Of particular interest in these Covid-19 times, she was an ardent champion of testing, testing and more testing for HIV. She stressed "routine access to routine viral load monitoring [a blood test] in all settings" and "analysis of HIV [drug resistance] data [via blood test] to monitor the success of mitigation strategies."

Plus she worried that the world was not ready for the challenge this much testing would pose to laboratories, voicing her concern in an article entitled, "Laboratory systems and services are critical in global health: time to end the neglect?" In other words, she was a loud voice for aggressive testing and collection of practical data to inform next steps.

Her work was not without controversy. For example, she led a trial of an HIV vaccine that was so unpromising that a group of scientists, including Dr. Robert Gallo, wrote to Science to "question the wisdom" of moving forward. In medicine, writing this sort of letter to Science is a very rare, very serious business.

Birx and her team held their ground, citing the "formidable challenge" of HIV vaccine development. The study went forward and was published five years later, showing that the vaccine demonstrated "only a modest benefit."

All of her work shows Birx to be a sophisticated physician-scientist with genuine interest in the health of vulnerable and underserved populations. Global health is not an area of medicine for slackers or clock punchers. Progress is slow, recognition is slight, financial reward completely absent.

And it takes a person of tremendous patience and emotional intelligence to work effectively for more than two decades in country after country led by a variety of leaders, some corrupt, others scoundrels, and still others looking to make an American buck off the crisis occurring in their country.

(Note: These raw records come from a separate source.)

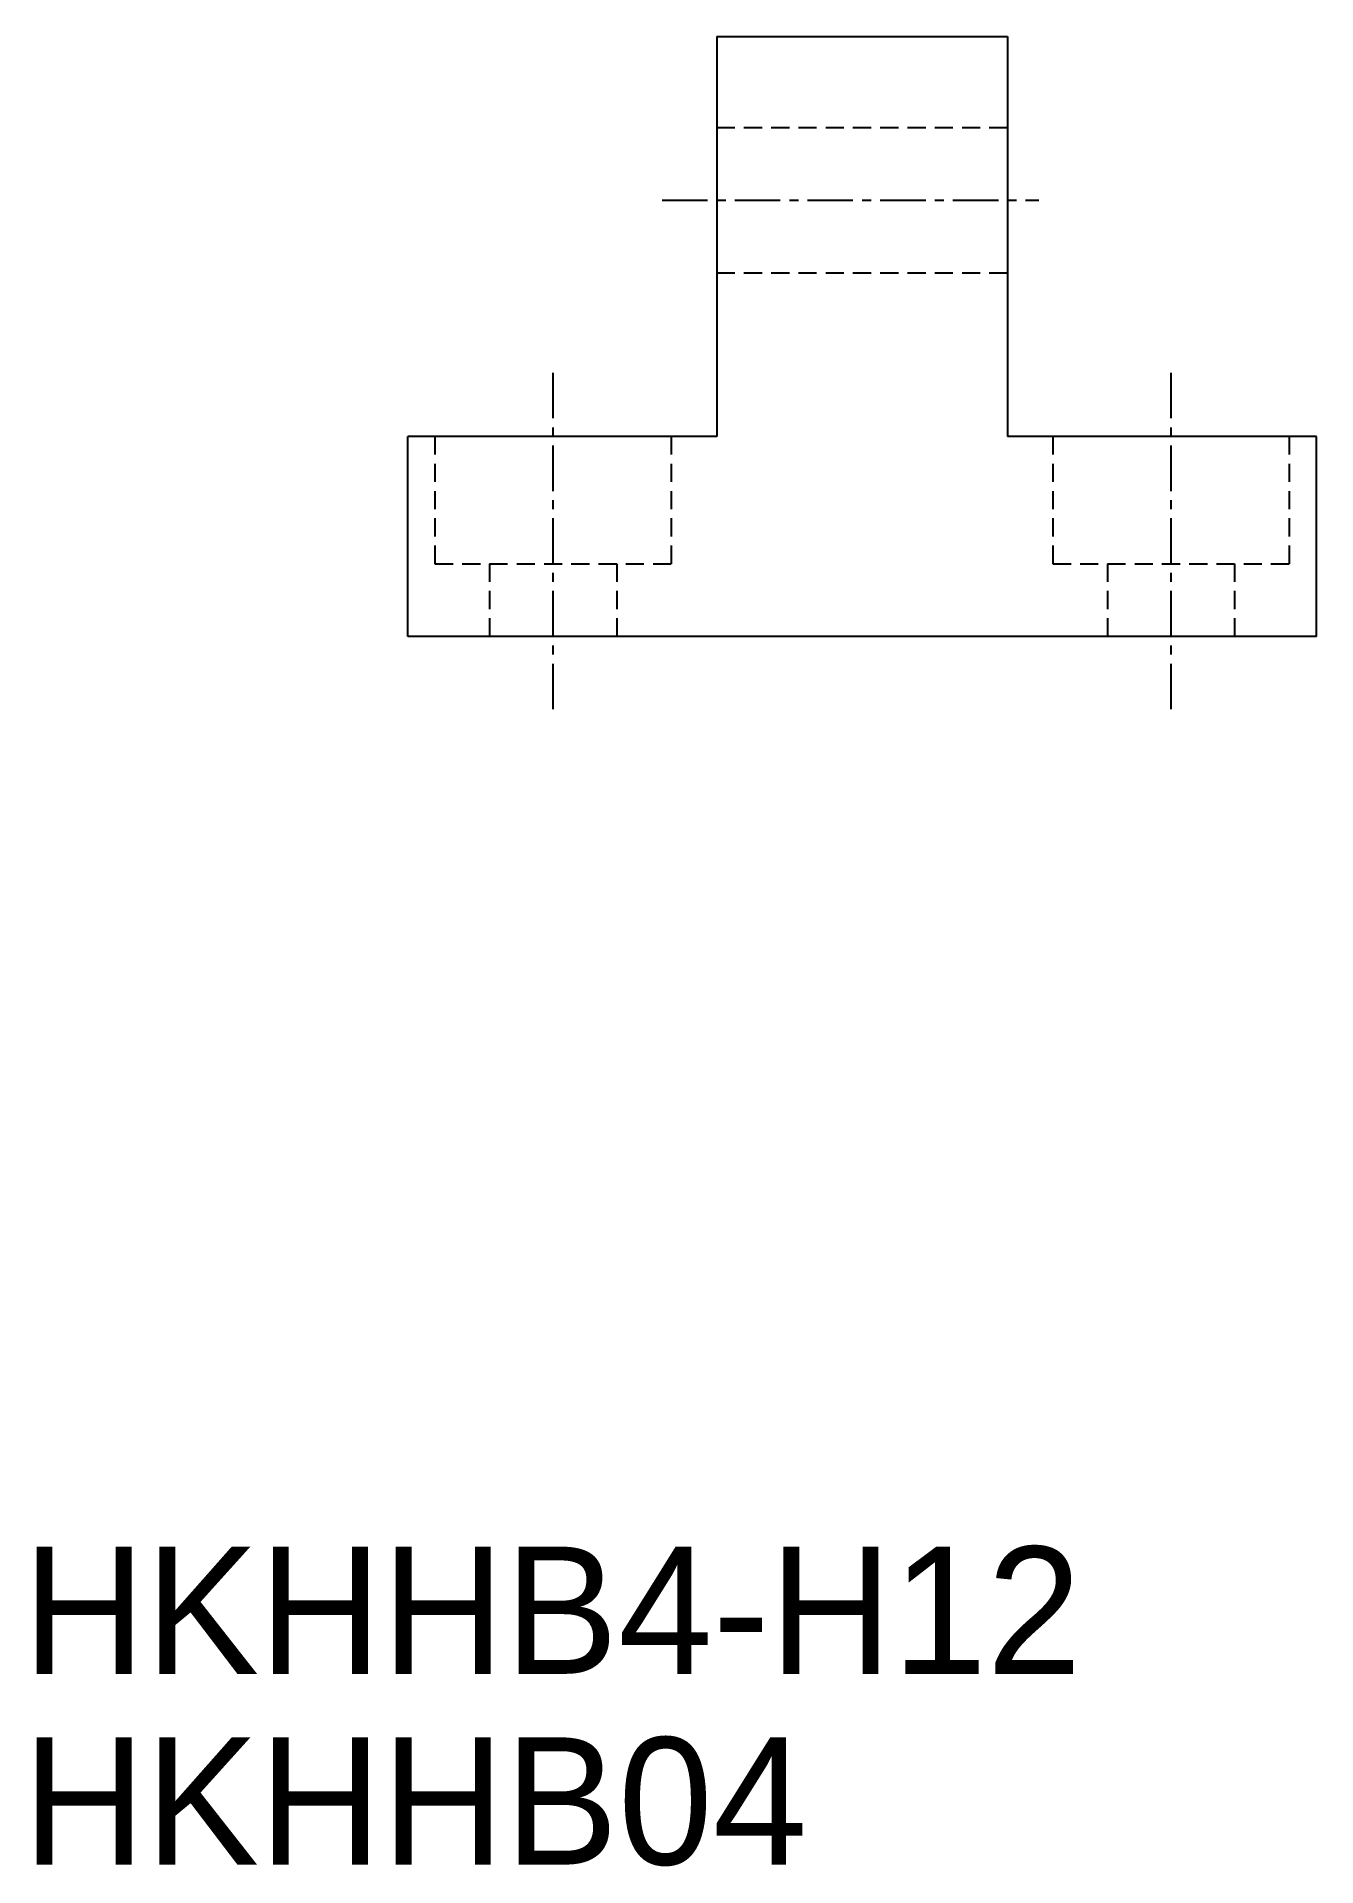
# Model space of a CAD drawing. Extents: x 10.9 to 110.1, y 4.5 to 57.3.
# Drawn here: x 10.9 to 46.1, y 4.5 to 54.8 of the extents above.
import ezdxf

# ---------------------------------------------------------------- set-up
doc = ezdxf.new("R2010")
doc.units = 0
doc.linetypes.add('CENTER', pattern=[2, 1.25, -0.25, 0.25, -0.25])
doc.linetypes.add('DASHED', pattern=[0.75, 0.5, -0.25])
doc.layers.get('0').update_dxf_attribs({"linetype": 'CONTINUOUS'})
doc.layers.add('CENTER', color=1, linetype='CENTER')

msp = doc.modelspace()

# ---------------------------------------------------------------- linework, layer by layer
at = {"color": 7, "linetype": 'CONTINUOUS'}
for p, q in [((29.613, 54.819), (37.613, 54.819)), ((29.613, 54.819), (29.613, 43.819)), ((37.613, 54.819), (37.613, 43.819)), ((29.613, 43.819), (21.113, 43.819)), ((21.113, 38.319), (21.113, 43.819)), ((46.113, 43.819), (37.613, 43.819)), ((46.113, 38.319), (46.113, 43.819)), ((46.113, 38.319), (21.113, 38.319))]:
    msp.add_line(p, q, dxfattribs=at)
at = {"color": 3, "linetype": 'DASHED'}
for p, q in [((29.613, 52.319), (37.613, 52.319)), ((29.613, 48.319), (37.613, 48.319)), ((21.863, 43.819), (21.863, 40.319)), ((28.363, 43.819), (28.363, 40.319)), ((38.863, 43.819), (38.863, 40.319)), ((45.363, 43.819), (45.363, 40.319)), ((21.863, 40.319), (28.363, 40.319)), ((23.363, 40.319), (23.363, 38.319)), ((26.863, 40.319), (26.863, 38.319)), ((38.863, 40.319), (45.363, 40.319)), ((40.363, 40.319), (40.363, 38.319)), ((43.863, 40.319), (43.863, 38.319))]:
    msp.add_line(p, q, dxfattribs=at)
at = {"layer": 'CENTER', "color": 1, "linetype": 'CENTER'}
for p, q in [((28.113, 50.319), (38.472, 50.319)), ((25.113, 36.319), (25.113, 45.819)), ((42.113, 36.319), (42.113, 45.819))]:
    msp.add_line(p, q, dxfattribs=at)

# ---------------------------------------------------------------- texts
at = {"color": 7, "linetype": 'CONTINUOUS'}
for s, p in [('HKHHB4-H12', (10.519, 9.781)), ('HKHHB04', (10.519, 4.534))]:
    msp.add_text(s, height=3.5, dxfattribs=at).set_placement(p)

doc.saveas('drawing.dxf')

Looking at her decision to enter the Covid-19 crisis, my guess is that she figured her global experience prepared her for the White House vortex, reasoning that though the administration leaders might be a bit more difficult than what she had seen, they were still a breed quite familiar to her. Based on her experience, she trusted that once again she could prevail with street smarts, honesty, hard work, a little flattery and an articulation of the common good.

Oh, well.

Unfortunately, in my view, she truly has made a real hash out of the entire effort, with a series of poor decisions -- changing hospital data reporting protocols for coronavirus patients to cut out the US Centers for Disease Control and Prevention and report directly to Health and Human Services, painting a rosy picture of the problem and of the President's engagement and still developing no national plan for testing, tracking, opening schools and businesses.

Sure, she has been set up as the fall-guy by the dark arts of her West Wing suitemates but, no matter how she got here, she has become the face of the failure.

To which I say to Dr. Birx: It is not too late to help the country. The cruelest trick of Trump and his group is this: they rely on the decency and the sense of historic order of those whom they destroy to keep their secrets secret.

But the time long ago passed when maintaining silence was the surest sign of integrity and patriotism. Tight lips sink ships. By speaking up about what you have witnessed, you can save more lives than you ever will save by continuing on your current path.